Ternyata, "Aku (Bukan) Satu-satunya"

Ternyata, "Aku (Bukan) Satu-satunya"
Renata 3


__ADS_3

Dada yang naik turun dan keringat yang bercucuran menandakan mereka sudah mencapai pelepasannya,


Wanita yang sudah bergumul dengan suaminya akhrinya menyadari keberadaan Renata.


Ia segara menarik apapun yang ada di sekitarnya hingga menemukan sebuah kemeja milik Pramu,


"Mas, dia siapa?" tanyanya pelan dengan tatapan takut.


"Bukan siapa-siapa, istirahatlah aku akan menyelesaikannya." ucap Pramu sambil mengecup bibir wanita itu dan sekali lagi di depan Renata.


Panas, sakit dan perasaan campur aduk yang tidak bisa Renata gambarkan. Seperti sebuah flashback, dimana saat ia berada di posisi wanita itu dan yang sekarang berada di posisinya dulu adalah Indah.


Apa ini yang namanya karma?


Seperti sebuah pembalasan lunas atas apa yang ia lakukan dulu pada Indah.


Pria yang berstatus sebagai suaminya itu segara mengenakan kembali baju dan celananya, tidak lupa ia menutup tubuh wanita itu dengan selimut lalu meninggalkannya.


Srekkkkk


Tangannya dengan kasar menarik tangan Renata agar ikut keluar dengannya,


Meskipun Renata mengeluh kesakitan, tidak membuat pria itu melepaskan cengkeraman tangannya, lengan Renata yang sedikit bengkak karena suntikan infus, semakin sakit.

__ADS_1


Hingga akhirnya mereka sampai juga di kamar utama, pria yang berstatus sebagai suaminya itu menghempaskan tubuhnya di atas tempat tidur kemudian menindihnya, menciuminya dengan paksa.


Seharusnya ia senang, karena setidaknya suaminya masih mau menyentuhnya tapi nyatanya apa yang baru saja ia lihat membuatnya mual, ia tidak bisa membayangkan bagaimana jika keringat wanita itu bercampur dengan keringatnya.

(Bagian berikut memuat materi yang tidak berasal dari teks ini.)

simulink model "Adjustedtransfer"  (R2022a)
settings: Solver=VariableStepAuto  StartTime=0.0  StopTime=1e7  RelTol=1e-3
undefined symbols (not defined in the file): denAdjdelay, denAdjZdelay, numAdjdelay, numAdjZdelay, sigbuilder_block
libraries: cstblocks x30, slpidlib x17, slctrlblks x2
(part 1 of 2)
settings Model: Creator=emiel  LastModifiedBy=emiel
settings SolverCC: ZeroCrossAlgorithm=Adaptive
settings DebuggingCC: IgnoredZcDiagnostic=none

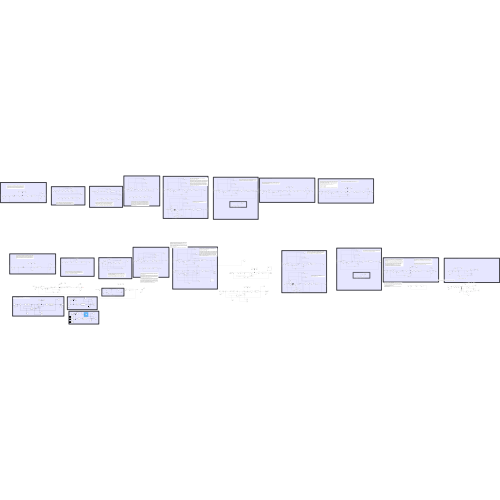
[thumbnail: Simulink's stored preview of the top-level diagram]
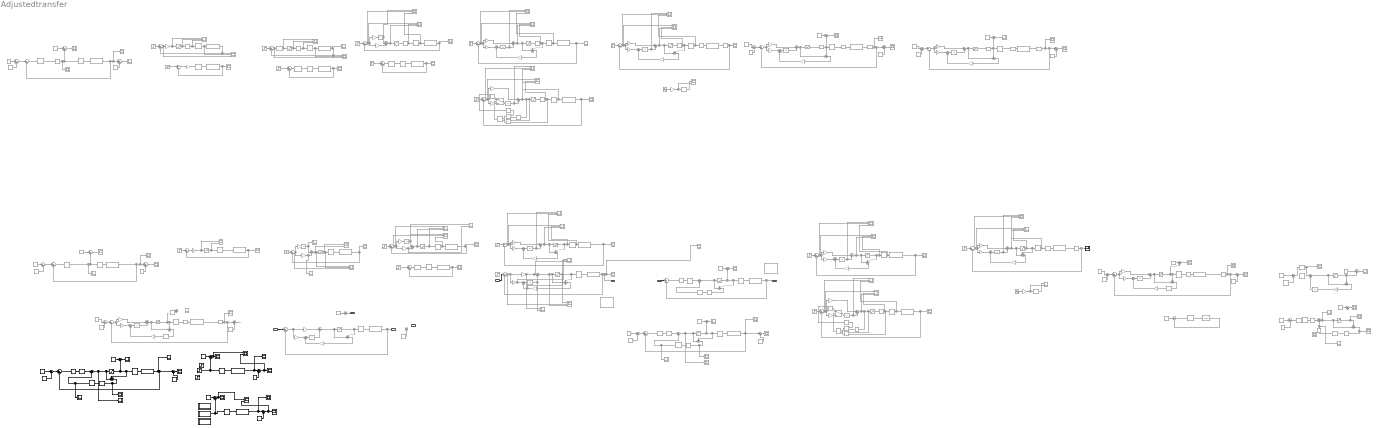
== system Adjustedtransfer ==
  note: sample tijd = 172800 ( 2 dagen) Ki en Kt = 0 en dan ziegler, Kcr = 2,31 Pcr = 347630s
      | --> Kp =  1,03, Ki = 0,00000359 en Kt = 0,00189
  note: Advise mode, een keer -0.0247
  note: Advise mode discrete controller
  note: Controller
  note: Dus als Tfruitref = -1,75 dan zijn we 56000s op -2 --> dit gebruiken als drempel voor max tijd op -2. En als we Tfruitref op -1 dan is het 7800s,
      |
      | Dus een andere vraag is "hoelang moet het groter zijn dan -2 eerdat we zeggen dat we safe zijn? Want als we zeggen, vanaf de eerste keer dat ge boven -2 zit dan kan het door fluctuaties ofzo dat ge ja toch nie oke zit.
      | 	Ge kunt beter teveel dan te weinig pakken hier.
      | Pak dat we 1800s pakken das dan 30 min, dan kunnen we wel veronderstellen dat het wel hoger dan -2 zal blijven
  note: Hier moet dan ook met discrete I controller
  note: Hier moet eigenlijk nog een schema tussen waar ik alles vervang door discrete PI controller, discrete I controller ipv die hold en ook al in de structuur die werkt voor de PLC
  note: Nog zeker eens uitzoeken wat de "responsiviteit" van een koelcel bepaald. En aangeven dat wss het opwarmen een andere snelheid heeft dan het afkoelen, en daardoor is een transferfunctie niet de optimale keuze eigelijk. Dus zou ge in dat geval non lineair moeten gaan. Maar das ja intens ma dat wel aanhalen als ja "issue"
  note: Als we naar Ts kijken zien we dan dat we 8u <-1,5 zitten. Wat opzich nog oke is. qua piekbelaasting. We zien wel dat, dde settling Ts kleiner is dan -1,025 is, da is nie veel verschil met -1 dus in de echte situatie gaan we waarchijnlijk dan nog niet op erorr = 0 zijn. Maar daarvoor dient de I actie uiteindelijk die er dan voor gaat zorgen dat da toch = 0 wodt.
  note: Dus net zeiden we de I actie wat leger voor onstabiliteit op te heffen en de P actie wat lager voor de vibraties/oscilaties op het einde. Dus we doen dan I op 0.000136 en Kt op wortel(0.000136). En we zullen dan Kp blijven verlagen vanaf 33,4 tot we een decent resultaat hebben. En vanaf Kp = 11 en Ki = 0.000136 is het goed stabiel, hebben een beetje overshoot en op het begin war vreemd maar oke nog.
      |
      | Maar als we naar U kijken zien we dat deze van +2 naar -1 gaat en das nie chill, willen liefst dat U gewoon + wordt en dan geleidelijk daalt. En we zien dat de I actie in het begin heel negatief is, dus dat wil zeggen dat Kt dan een grote invloed heeft. Dus oftewel zullen we Ki verlagen oftewel Kt of allebei.
      |
      | Als we naar de anti windup kijken zien we dat deze vooral in het begin moet werken
  note: Als we de waarde Kp en de Ki toepassen zien we dat we in beide gevallen (met en zonder satur) een onstabiel systeem hebben met veel oscilaties. Vreemd aangezien met enkel de P actie het net wel best stabiel was, dus dat wil dan zeggen dat het toevoegen van de I actie voor onstabiliteiten zorgt.
      |
      | En juist ja als we deze verlagen naar 0.000136 of nog eens /10 is het praktisch giga stabiel. Met wel een beetje oscilaties. Maar laten we toch hier eens dieper op ingaan.
  note: Eens bekijken hoelan we dan onder de -1,5 zitten want das wel lage T. exact tot 1e05 dan zitten we terug op -1,5. dus da is dan 1e05*0,8/3600 = 22u13min, da is niet kort dat is wel lang maar bij inkoelen doen ze soms 2 dagen @-2 dus het is niet onmogelijk
  note: We zien dat de P actie in het begin heel negatief is en de I actie cava positief en dan erna is de P actie cava positief en de I cava negatief, waardoor U (de som) positief wordt. Maar we willen juist een negatieve U, dus proberen om de Kp te verlagen 7,74-->5 creëren nog meer overshoot dus miss 7,74 --> 10 nu hebben we inderdaad minder overshoot als we naar Kp = 15 gaan dan is het wel mooi eigelijk
      |
      | Ongeveer idem effect hebben we als we I actie van ....e-05 naar ....e-07 (Kp = 7,74), maar dan gaat uw settling time giga toenemen. dus das ook nie chill.
      |
      | conclu Kp = 15 en Ki en Kt idem
      |
      | Kt veranderen --> instabiliteiten
      |
      | ma tegenover welke kost moeten ook miss eens kijken naar hoelang we dan op -2 zitten.
  note: Tfruit real implementeren --> terug naar het tweaken
  note: Template control schema
  note: testen van de ZOH functie
  note: Discretiseren sws ZOH willen dat de Tset en Tfruit constant blijft totdat we nieuwe T hebben. En omdat ons systeem zo traag is dan boeit da eigenlijk echt nie die discretisatie, als we ZOH op 1 zetten (0,8s) dan is het al zeker snel genoeg en pieter zegt 5ms is de cycle tijd dus zeker oke. Onze PC is eigenlijk sneller dan het systeem.
  note: Dus als we Kp = 7.74 en Ki = ....e-05 en dan Kt = wortel(...e-05) dan gaan we gekke oscilaties hebben. Maar als ik dan Kt/10 doe dan heb ik een perfect signaal.
      | Nog wel uitzoeken hoezo dat daardoor komt.µ
      |
      | Kp = 7.74, Ki= ....e-05, Kt = .....0.0045
      | Dus we zien dat de I en de P actie veel oscilaties hebben, (we zien ook dat voor saturatie en na saturatie idem is). Opmerkelijk is, is dat de P actie bena het spiegelbeeld is van de I actie, waardoor de som van de twee (de U praktisch) veel minder oscilaties hebben. We zien ook dat de I actie in het begin negatief is en dan op het einde meer positief, wat wil zeggen dat er in het begin veel saturatie optreedt en dus in het begin Kt veel moet werken. Maar in het begin willen we juist een positieve U, dus de I actie gaat eigelijk de foute kant op in het begin (doordat er saturatie is) Dus laten we dan Kt wat verlagen waardoor we de I actie in het begin minder negatief gaan maken. --> Kt = 0.00045
      | --> solved --> terugkoppelen naar de vereisten. en ook checken van step van 0-->-1 want das dalen van T en van 0-->1 is stijgen van T
  note: Implementeren van Anti-windup
  note: Simulatie van clamp wilt nie runnen en PID blok houdt geen rekening
      | met rate saturatie. Dus moeten sws handmatig doen
      | maar back caluclation is zo mooi
  note: Bewijzen dat Anti windup nodig is.
  note: Als we de Kp = 0 nemen en de Ki = ....e-07 dan zien we duidelijk dat er anti windup optreedt. Dus dit moeten we sws implementeren. We kunnen discusiëren dat als we de I actie klein genoeg nemen en de Kp niet te groot we een stabiel systeem hebben zonder dat er anti windup nodig is. Maar ten eerste ben ik niet content met dat laatste systeem, de Ess is idd = 0 maar er zijn wel wat oscilaties en overshoot en das nie chill. Ten tweede hebben we hier 1 specifieke koelcel gemodelleert. Als we een andere koelcel nemen bijvoorbeeld en daar zal er wel wind up optreden zijn we in de problemen. Ten derde de totale command is blokkerig, opeens opwarmen dan afkoelene etc. Dus we gaan eens Anti-windup implementeren
  note: Juiste Kp en Ki vinden om stabiel systeem te hebben met saturatie
  note: Als we de waarde van hierlangs toepassen dan zien we dat we een zeer stabiel systeem hebben als we geen saturatie toepassen maar een heel onstabiel als we dat wel doen. De gain is niet te hoog, laten we eens uitproberen wat het verhogen/verlagen van de I actie en de Kp als invloed heeft. Verlagen/ verhogen Kp --> (3,10,15,30) nog altijd zeer onstabiel. Verhogen Ki -->(...e-01 en ....e-03) nog altijd zeer onstabiel. Maar verlagen --> ....e-07 opeens enorm stabiel. Dus dat wil zeggen dat de I actie voor onstabiliteit zorgt.
      |
      | Hoe komt dit? --> groote I actie bekijken in alle gevallen, wss gaat er wind up optreden.
  note: Stap 1: Saturatie toevoegen.
  note: Voor deze loop was de Kcr = 73.4, maar als we de saturatie meegeven, zie hierboven zien we eigenlijk dat we op een veel lagere Kcr naar randstabiel gaan, namenlijk op 17.2 met een Pcr = 458009. Dus als we daarmee dan Ziegler nicholas toepassen krijgen we Kp = 7.74 en Ti = 3.8167e05 --> Ki = 2.0279e-05. Eens kijken wat dat geeft voor stabiliteit zonder dat we saturatie toepassen en zonder dat we anti windup toepassen?
  note: Dus dit is ons standaard model, We hebben telkens de deltaT en de deltaS gemodelleert. Dus we gaan dat ook zo in het model steken. Dus voordat we kunnen beginnen aan de PI regeling moeten we eigelijk 1 ding sws doen en liefst 2. Ten eerste moeten we de Tfruit0 en de Tset0 opmeten dat moet =! moeilijk. Gewoon de koelcel eerst opzetten en dan kijken wat het is. En dan liefst ook een step response doen en dan de parameters per koelcel bepalen voor de plant tf, maar ja als we ervan uitgaan dat da beetje oke is overal cava
  note: Discretiseren
  note: Gaan nu eigelijk terug de fruit en de set temperatuur eraan koppelen. En we zien eigenlijk dat we toch 0,1 graden undershoot hebben als we -1 fruit T willen, dus da is wel nie zo nice. Dus we gaan terug dit huidig systeem moeten analyseren om te kijken of we toch geen parameters moeten tweaken
  note: terug naar het tweaken -->
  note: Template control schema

Dengan sisa kekuatannya, ia mendorong tubuh kekar sang suami. Jika dalam keadaan normal mungkin ia tidak akan mampu mendorong tubuh itu, tapi karena sang suami baru saja mengeluarkan tenaga yang banyak untuk menjamah wanita asing itu, hanya sekali dorong sudah berhasil membuat tubuh pria itu terkapar di sampingnya dengan nafas yang tersengal-sengal.


Renata pun segera memanfaatkan hal itu untuk bangun dan duduk.


"Dia siapa, Pram?" Renata segera mencecarnya dengan pertanyaan.


Tapi pria itu malah tampak tersenyum, "Ada apa? Tidak masalah kan jika aku melakukan ini, ini sudah biasa bukan?"


Ya seharusnya ini sudah biasa, ini bukan pertama kalinya, tapi di rumah yang menjadikan dia nyonya rumah itu tentu itu hal yang menyakitkan.


"Ahhhh, ini bukan hal yang besar, jadi jangan dibesar-besarkan. lagi pula dalam dua Minggu ini kamu sudah menghabiskan uang dua ratus juta, buat apa?"


Renata tidak percaya dengan apa yang baru ia dengar, bahkan uang yang menurutnya tidak begitu besar sekarang di permasalahkan.


"Hanya segitu, kenapa sekarang jadi masalah?"


Pramu segera bangkit dan menarik dagu Renata hingga Renata memekik kesakitan, ia tidak merasa salah bicara, bagaimana pria di depannya itu begitu marah,


"Kamu pikir aku mesin pencetak uang untukmu. Jangan pikir aku tidak tahu, selama ini kamu sudah banyak membohongiku."

__ADS_1


"Mak_maksudnya apa?" Renata menelan Salivanya begitu berat, ia tidak tahu apa yang suaminya maksud.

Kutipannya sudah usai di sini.